1. The battery goes under the water hatch and must be the right way round. 

2. You don't need to plug it in to test it. The plug is only the chuff trigger circuit, so take a paper clip or other small bit of wire and push one end into each side of the tender-loco plug. 

3. The switch is part of the volume control. From fully anti-clock, turn it clockwise and you should get a small click (on/off) then more volume. 

If you still don't hear nuthin', take the tender apart (recessed screws from underneath - pretty obvious) and check the wires to the speaker, etc.


----------



## TrainHigh (Mar 1, 2009)

Aha! Well I feel pretty stupid, there was no battery in it. I thought it got power from the wire that goes to the Loco and didn't even know it used a batt. I robbed one from a smoke detector and it works. 

The volume is not very loud (even with the volume all the way up) but I think the batt is about dead, so maybe it will get a little bit louder with a new one. If not then one of these days I may get some kind of louder sound system that also has a whistle. Thanks for the help!


----------



## rmcintir (Apr 24, 2009)

Just a friendly reminder, put the battery back in the smoke detector!


----------



## Steve Stockham (Jan 2, 2008)

This is my own personal opinion so take that as a caveat but I would ditch that simplistic "chuff" as quickly as possible! The chuff isn't very realistic (I'm being kind here) and there isn't any bell or whistle!

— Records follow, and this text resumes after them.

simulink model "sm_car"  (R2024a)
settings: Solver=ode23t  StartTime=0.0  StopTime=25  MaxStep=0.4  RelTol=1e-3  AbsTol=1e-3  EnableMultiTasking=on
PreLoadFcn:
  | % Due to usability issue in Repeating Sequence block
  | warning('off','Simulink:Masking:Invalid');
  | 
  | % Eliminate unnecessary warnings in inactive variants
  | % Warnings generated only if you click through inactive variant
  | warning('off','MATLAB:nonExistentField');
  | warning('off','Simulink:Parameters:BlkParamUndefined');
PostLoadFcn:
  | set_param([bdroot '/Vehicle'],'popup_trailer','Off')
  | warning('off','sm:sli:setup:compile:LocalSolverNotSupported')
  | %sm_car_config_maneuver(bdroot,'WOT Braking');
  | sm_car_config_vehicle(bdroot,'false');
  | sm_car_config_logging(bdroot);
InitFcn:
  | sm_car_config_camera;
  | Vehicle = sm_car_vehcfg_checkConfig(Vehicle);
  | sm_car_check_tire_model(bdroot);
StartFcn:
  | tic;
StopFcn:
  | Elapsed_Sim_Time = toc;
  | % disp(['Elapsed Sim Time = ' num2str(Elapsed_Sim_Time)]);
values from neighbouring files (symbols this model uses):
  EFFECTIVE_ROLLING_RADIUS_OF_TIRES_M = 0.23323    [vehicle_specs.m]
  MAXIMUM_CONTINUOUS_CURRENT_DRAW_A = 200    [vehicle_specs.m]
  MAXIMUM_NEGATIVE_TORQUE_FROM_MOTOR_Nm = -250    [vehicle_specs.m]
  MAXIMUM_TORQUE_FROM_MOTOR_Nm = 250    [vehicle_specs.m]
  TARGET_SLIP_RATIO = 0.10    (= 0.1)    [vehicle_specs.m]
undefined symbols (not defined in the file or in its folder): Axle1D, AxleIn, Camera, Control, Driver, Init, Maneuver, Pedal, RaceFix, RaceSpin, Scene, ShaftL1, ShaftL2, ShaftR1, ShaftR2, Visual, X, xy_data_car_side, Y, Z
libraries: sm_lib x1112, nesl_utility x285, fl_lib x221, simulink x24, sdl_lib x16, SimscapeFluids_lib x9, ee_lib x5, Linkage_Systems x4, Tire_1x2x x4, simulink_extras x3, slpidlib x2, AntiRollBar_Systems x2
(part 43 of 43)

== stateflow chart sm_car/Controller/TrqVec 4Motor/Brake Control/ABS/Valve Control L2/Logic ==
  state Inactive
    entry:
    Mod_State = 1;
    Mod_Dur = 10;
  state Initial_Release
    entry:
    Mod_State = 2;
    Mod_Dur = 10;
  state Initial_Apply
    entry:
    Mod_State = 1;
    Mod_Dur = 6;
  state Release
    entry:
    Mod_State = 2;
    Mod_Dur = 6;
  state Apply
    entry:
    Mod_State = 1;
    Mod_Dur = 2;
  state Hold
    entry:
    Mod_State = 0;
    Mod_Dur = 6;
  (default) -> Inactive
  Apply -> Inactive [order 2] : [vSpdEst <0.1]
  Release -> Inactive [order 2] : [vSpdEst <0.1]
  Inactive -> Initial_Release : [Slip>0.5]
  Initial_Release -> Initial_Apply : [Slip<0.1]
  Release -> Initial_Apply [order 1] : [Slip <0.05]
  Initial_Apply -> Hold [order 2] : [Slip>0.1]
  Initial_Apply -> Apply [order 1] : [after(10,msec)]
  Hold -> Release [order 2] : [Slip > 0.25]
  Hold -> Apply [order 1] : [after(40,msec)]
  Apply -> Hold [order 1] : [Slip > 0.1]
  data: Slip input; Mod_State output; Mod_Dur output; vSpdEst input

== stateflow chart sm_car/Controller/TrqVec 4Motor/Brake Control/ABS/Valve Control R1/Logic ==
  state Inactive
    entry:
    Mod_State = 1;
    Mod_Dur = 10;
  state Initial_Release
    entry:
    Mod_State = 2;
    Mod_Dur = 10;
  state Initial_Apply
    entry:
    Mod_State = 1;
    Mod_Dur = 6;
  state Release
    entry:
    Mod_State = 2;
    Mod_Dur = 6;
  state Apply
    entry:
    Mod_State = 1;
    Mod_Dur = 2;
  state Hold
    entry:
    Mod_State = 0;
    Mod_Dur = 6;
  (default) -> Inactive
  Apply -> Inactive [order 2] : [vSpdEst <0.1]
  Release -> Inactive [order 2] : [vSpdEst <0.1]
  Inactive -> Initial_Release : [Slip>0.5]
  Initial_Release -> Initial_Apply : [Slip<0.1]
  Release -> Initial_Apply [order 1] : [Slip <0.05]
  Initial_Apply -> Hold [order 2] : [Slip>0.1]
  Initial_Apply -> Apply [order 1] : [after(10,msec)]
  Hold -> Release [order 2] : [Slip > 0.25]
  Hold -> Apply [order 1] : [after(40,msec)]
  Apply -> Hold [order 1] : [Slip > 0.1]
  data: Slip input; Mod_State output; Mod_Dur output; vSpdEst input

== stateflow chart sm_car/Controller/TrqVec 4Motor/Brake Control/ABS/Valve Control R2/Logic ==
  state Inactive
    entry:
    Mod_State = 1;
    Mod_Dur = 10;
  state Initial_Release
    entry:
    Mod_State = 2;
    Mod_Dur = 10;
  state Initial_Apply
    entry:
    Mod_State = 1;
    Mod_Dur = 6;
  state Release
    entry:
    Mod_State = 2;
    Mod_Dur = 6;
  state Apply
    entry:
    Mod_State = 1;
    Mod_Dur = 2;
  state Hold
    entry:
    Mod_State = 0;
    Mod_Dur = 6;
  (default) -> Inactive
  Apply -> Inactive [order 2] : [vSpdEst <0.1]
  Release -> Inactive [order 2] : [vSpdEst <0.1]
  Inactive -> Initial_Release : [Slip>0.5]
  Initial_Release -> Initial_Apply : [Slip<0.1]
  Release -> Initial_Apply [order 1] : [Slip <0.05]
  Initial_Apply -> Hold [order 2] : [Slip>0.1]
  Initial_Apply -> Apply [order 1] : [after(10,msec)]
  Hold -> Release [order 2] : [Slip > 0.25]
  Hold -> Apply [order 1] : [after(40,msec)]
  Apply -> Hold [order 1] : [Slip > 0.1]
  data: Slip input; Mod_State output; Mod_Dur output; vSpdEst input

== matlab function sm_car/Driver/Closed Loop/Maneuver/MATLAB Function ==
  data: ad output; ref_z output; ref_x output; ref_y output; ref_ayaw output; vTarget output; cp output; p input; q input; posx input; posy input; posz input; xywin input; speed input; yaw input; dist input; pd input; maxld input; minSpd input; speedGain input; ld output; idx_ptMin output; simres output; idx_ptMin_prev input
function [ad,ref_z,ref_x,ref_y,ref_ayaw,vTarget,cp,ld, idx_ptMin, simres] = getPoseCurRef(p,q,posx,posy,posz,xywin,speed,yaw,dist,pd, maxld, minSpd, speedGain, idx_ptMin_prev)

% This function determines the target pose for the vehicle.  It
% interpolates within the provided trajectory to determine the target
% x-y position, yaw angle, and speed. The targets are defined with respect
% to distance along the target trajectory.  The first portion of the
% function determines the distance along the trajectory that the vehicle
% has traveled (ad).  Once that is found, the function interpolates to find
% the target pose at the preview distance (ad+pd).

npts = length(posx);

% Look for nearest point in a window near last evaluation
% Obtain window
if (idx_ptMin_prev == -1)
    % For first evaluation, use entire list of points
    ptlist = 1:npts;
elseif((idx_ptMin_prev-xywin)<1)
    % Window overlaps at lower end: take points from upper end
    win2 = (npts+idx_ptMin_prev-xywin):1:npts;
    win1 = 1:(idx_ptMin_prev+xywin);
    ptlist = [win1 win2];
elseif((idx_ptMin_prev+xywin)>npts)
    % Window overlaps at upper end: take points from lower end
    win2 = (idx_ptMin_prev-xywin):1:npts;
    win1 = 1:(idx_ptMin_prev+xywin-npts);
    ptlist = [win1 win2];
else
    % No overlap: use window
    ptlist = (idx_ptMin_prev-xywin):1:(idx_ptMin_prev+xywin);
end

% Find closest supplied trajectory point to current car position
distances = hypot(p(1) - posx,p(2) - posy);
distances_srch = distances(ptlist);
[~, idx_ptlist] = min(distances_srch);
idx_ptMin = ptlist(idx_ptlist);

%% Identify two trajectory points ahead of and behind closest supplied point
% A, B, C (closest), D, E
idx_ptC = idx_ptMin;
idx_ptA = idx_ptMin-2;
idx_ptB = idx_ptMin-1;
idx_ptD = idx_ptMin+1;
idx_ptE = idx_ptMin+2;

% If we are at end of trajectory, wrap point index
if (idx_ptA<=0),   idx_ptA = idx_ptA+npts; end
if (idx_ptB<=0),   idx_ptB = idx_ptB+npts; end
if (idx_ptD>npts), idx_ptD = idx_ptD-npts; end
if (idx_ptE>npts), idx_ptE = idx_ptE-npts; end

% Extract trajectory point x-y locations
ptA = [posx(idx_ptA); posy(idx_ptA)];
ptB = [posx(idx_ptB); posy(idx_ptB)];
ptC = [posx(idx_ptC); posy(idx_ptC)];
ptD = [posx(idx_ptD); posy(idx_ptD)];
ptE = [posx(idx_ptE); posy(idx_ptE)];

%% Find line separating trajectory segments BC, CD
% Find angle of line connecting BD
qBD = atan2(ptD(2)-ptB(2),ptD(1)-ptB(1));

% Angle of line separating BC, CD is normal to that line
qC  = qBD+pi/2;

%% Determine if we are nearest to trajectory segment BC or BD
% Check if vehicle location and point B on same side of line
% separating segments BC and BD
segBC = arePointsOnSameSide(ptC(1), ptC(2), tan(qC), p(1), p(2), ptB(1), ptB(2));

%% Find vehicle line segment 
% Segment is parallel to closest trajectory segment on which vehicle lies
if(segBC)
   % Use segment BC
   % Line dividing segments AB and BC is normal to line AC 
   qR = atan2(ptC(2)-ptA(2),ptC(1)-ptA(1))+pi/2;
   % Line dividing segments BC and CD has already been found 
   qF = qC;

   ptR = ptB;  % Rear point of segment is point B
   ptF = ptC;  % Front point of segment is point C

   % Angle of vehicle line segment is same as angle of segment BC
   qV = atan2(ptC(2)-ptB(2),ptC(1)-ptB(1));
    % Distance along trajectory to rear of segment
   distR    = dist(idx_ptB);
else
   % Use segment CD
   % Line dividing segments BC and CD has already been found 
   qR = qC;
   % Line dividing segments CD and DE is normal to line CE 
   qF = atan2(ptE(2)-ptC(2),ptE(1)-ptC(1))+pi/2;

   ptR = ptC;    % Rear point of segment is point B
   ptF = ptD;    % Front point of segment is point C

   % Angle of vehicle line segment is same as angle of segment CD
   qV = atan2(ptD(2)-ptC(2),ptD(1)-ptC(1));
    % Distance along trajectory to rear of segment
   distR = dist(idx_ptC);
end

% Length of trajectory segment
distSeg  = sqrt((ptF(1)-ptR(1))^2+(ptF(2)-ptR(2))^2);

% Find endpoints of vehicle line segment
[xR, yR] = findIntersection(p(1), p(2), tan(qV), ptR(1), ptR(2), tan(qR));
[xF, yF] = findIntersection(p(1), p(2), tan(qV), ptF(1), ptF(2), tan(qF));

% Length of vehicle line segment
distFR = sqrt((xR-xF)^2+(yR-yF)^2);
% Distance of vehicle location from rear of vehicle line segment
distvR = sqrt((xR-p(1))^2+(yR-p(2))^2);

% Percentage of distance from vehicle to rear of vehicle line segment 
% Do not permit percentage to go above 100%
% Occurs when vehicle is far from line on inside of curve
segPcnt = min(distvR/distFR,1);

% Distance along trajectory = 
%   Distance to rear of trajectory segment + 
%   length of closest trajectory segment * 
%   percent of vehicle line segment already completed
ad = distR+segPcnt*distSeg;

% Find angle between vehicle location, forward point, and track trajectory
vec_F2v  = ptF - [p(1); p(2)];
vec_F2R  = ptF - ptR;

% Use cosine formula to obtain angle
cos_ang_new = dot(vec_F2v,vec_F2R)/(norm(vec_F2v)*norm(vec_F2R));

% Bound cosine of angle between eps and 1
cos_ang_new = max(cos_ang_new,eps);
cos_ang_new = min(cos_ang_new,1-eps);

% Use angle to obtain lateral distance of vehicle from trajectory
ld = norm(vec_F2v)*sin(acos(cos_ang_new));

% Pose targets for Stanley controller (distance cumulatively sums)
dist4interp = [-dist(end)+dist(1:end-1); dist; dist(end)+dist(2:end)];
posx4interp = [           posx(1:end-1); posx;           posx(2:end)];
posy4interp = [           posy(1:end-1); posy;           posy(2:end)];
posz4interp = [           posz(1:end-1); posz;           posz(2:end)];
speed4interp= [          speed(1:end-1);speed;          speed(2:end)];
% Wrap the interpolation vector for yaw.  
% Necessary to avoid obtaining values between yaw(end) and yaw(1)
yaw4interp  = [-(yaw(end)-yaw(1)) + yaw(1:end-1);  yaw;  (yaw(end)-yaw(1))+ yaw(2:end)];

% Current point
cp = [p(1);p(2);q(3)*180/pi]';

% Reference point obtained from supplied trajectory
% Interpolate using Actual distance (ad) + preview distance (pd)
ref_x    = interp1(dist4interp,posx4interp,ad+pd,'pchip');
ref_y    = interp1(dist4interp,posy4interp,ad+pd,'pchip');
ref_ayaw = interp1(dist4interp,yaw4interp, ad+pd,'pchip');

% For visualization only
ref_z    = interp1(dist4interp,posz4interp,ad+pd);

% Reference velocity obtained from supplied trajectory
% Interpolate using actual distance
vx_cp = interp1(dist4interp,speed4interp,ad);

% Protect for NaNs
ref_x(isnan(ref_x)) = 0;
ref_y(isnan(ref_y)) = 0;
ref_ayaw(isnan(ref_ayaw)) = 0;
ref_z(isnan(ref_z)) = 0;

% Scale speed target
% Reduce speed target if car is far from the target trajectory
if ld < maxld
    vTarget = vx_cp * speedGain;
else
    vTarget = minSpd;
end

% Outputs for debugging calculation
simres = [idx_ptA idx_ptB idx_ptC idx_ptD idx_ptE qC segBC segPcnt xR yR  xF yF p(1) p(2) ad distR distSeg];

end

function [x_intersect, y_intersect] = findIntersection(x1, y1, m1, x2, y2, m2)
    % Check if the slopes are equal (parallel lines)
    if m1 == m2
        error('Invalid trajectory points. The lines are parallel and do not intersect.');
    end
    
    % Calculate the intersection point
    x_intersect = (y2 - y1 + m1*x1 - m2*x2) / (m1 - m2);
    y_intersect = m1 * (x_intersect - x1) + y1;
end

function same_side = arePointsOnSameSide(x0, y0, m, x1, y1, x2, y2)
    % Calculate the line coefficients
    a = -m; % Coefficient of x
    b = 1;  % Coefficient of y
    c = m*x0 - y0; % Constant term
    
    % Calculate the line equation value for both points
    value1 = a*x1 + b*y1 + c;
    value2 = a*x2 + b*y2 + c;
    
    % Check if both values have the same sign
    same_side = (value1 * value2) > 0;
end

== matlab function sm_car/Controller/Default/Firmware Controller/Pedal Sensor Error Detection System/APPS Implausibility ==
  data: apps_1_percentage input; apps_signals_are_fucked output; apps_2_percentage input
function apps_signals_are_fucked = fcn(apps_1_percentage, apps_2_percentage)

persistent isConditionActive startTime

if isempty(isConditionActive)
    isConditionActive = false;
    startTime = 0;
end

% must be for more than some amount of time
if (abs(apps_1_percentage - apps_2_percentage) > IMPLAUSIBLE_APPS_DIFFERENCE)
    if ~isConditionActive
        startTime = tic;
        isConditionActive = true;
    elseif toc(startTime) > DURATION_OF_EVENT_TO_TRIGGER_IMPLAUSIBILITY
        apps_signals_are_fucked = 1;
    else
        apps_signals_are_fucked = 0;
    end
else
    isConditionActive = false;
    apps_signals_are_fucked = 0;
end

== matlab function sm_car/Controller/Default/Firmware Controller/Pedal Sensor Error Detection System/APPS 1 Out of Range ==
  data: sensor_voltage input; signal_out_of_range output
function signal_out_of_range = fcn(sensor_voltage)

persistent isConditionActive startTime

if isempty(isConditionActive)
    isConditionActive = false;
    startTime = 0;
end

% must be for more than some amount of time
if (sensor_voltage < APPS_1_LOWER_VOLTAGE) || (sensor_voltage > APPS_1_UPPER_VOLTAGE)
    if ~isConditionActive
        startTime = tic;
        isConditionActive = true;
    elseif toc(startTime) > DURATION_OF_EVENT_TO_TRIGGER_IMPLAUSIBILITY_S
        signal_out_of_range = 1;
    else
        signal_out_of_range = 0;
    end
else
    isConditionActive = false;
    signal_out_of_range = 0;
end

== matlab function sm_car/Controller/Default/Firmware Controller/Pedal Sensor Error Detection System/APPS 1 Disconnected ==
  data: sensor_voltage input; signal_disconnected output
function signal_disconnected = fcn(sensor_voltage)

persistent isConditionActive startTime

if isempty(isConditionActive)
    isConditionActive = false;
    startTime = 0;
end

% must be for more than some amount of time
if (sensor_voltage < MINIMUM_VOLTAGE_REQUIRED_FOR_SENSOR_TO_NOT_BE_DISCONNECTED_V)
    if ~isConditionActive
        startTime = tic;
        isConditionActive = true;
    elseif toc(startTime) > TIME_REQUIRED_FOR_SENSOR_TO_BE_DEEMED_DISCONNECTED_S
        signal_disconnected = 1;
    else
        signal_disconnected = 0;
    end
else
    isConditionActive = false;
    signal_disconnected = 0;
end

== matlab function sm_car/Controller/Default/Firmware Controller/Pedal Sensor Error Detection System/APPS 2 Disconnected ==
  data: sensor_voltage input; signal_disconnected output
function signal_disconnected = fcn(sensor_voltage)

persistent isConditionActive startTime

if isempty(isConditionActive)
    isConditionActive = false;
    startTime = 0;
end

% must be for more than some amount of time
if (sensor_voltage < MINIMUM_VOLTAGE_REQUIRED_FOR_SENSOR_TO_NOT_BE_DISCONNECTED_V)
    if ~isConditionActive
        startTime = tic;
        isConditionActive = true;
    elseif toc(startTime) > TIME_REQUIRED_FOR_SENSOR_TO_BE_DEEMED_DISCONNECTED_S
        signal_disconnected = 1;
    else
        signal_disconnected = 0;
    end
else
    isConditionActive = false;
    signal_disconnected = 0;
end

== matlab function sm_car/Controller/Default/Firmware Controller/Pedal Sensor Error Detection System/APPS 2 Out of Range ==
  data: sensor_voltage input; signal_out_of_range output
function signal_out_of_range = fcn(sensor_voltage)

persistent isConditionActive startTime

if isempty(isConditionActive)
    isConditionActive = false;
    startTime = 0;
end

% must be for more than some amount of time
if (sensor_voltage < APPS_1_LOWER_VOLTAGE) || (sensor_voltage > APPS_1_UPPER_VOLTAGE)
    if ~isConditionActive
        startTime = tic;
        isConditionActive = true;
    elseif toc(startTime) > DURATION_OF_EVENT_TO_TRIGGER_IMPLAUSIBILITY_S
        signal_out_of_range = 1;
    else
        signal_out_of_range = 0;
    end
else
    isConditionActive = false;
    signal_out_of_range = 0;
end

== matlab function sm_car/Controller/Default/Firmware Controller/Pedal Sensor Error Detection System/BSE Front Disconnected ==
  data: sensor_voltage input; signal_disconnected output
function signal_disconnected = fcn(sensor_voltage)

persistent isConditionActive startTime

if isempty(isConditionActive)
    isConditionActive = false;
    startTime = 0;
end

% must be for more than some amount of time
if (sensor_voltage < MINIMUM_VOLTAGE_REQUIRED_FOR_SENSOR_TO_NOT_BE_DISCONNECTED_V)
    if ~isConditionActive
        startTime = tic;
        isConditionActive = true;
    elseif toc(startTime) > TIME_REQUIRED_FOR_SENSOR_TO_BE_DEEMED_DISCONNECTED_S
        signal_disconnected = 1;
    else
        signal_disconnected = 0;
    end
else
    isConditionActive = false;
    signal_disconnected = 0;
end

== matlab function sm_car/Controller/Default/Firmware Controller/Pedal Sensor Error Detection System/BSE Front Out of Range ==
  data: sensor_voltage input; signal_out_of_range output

The Annie is perhaps the best value that you will get in Large Scale as it is very near _Spectrum _standards for detailing! Bachmann doesn't add sound to their _Spectrum_ locomotives. Adding sound will increase the cost by $150 or more but _it is worth it!!_ Unfortunately, Bachmann has chosen to continue to offer this cheap "chuff" unit in it's Annie series of Big Haulers. It doesn't belong in an Annie! It was designed to enhance an all-plastic early version of the Big Hauler by giving it rudimentary sound but has become technologically inadequate for this level of model locomotive. With the addition of a proper digital sound system, the Annie joins the ranks of the other popular Bachmann engines and holds it's own in side by side comparisons!

Here is an Annie with minor mods:










Compare with a modified_ Spectrum_ Connie:


----------



## Pete Thornton (Jan 2, 2008)

If not then one of these days I may get some kind of louder sound system 

george Schreyer has a bunch of suggested modifications on his 'tips' page: 
*http://www.girr.org/girr/tips/tips1..._tips.html* 

I did a few mods, like adding the capacitor to make a better chuff, and they work as he says. But is still isn't as good as an aftermarket sound system, like Sierra or Phoenix. The bell/whistle does need a trigger though, so if you're on track power you have some head-scratching to do.


----------



## Steve Stockham (Jan 2, 2008)

Ah! There I think I can help! Go r/c battery or go DCC! Each has triggers that will allow you to control the bell, whistles, blow downs and DCC has even more functions! The digital sound systems add a whole new dimension to the model railroading experience!


----------



## TrainHigh (Mar 1, 2009)

Thanks for the reminder I do need to buy some more 9v batteries. (I have other 2 more smoke alarms). 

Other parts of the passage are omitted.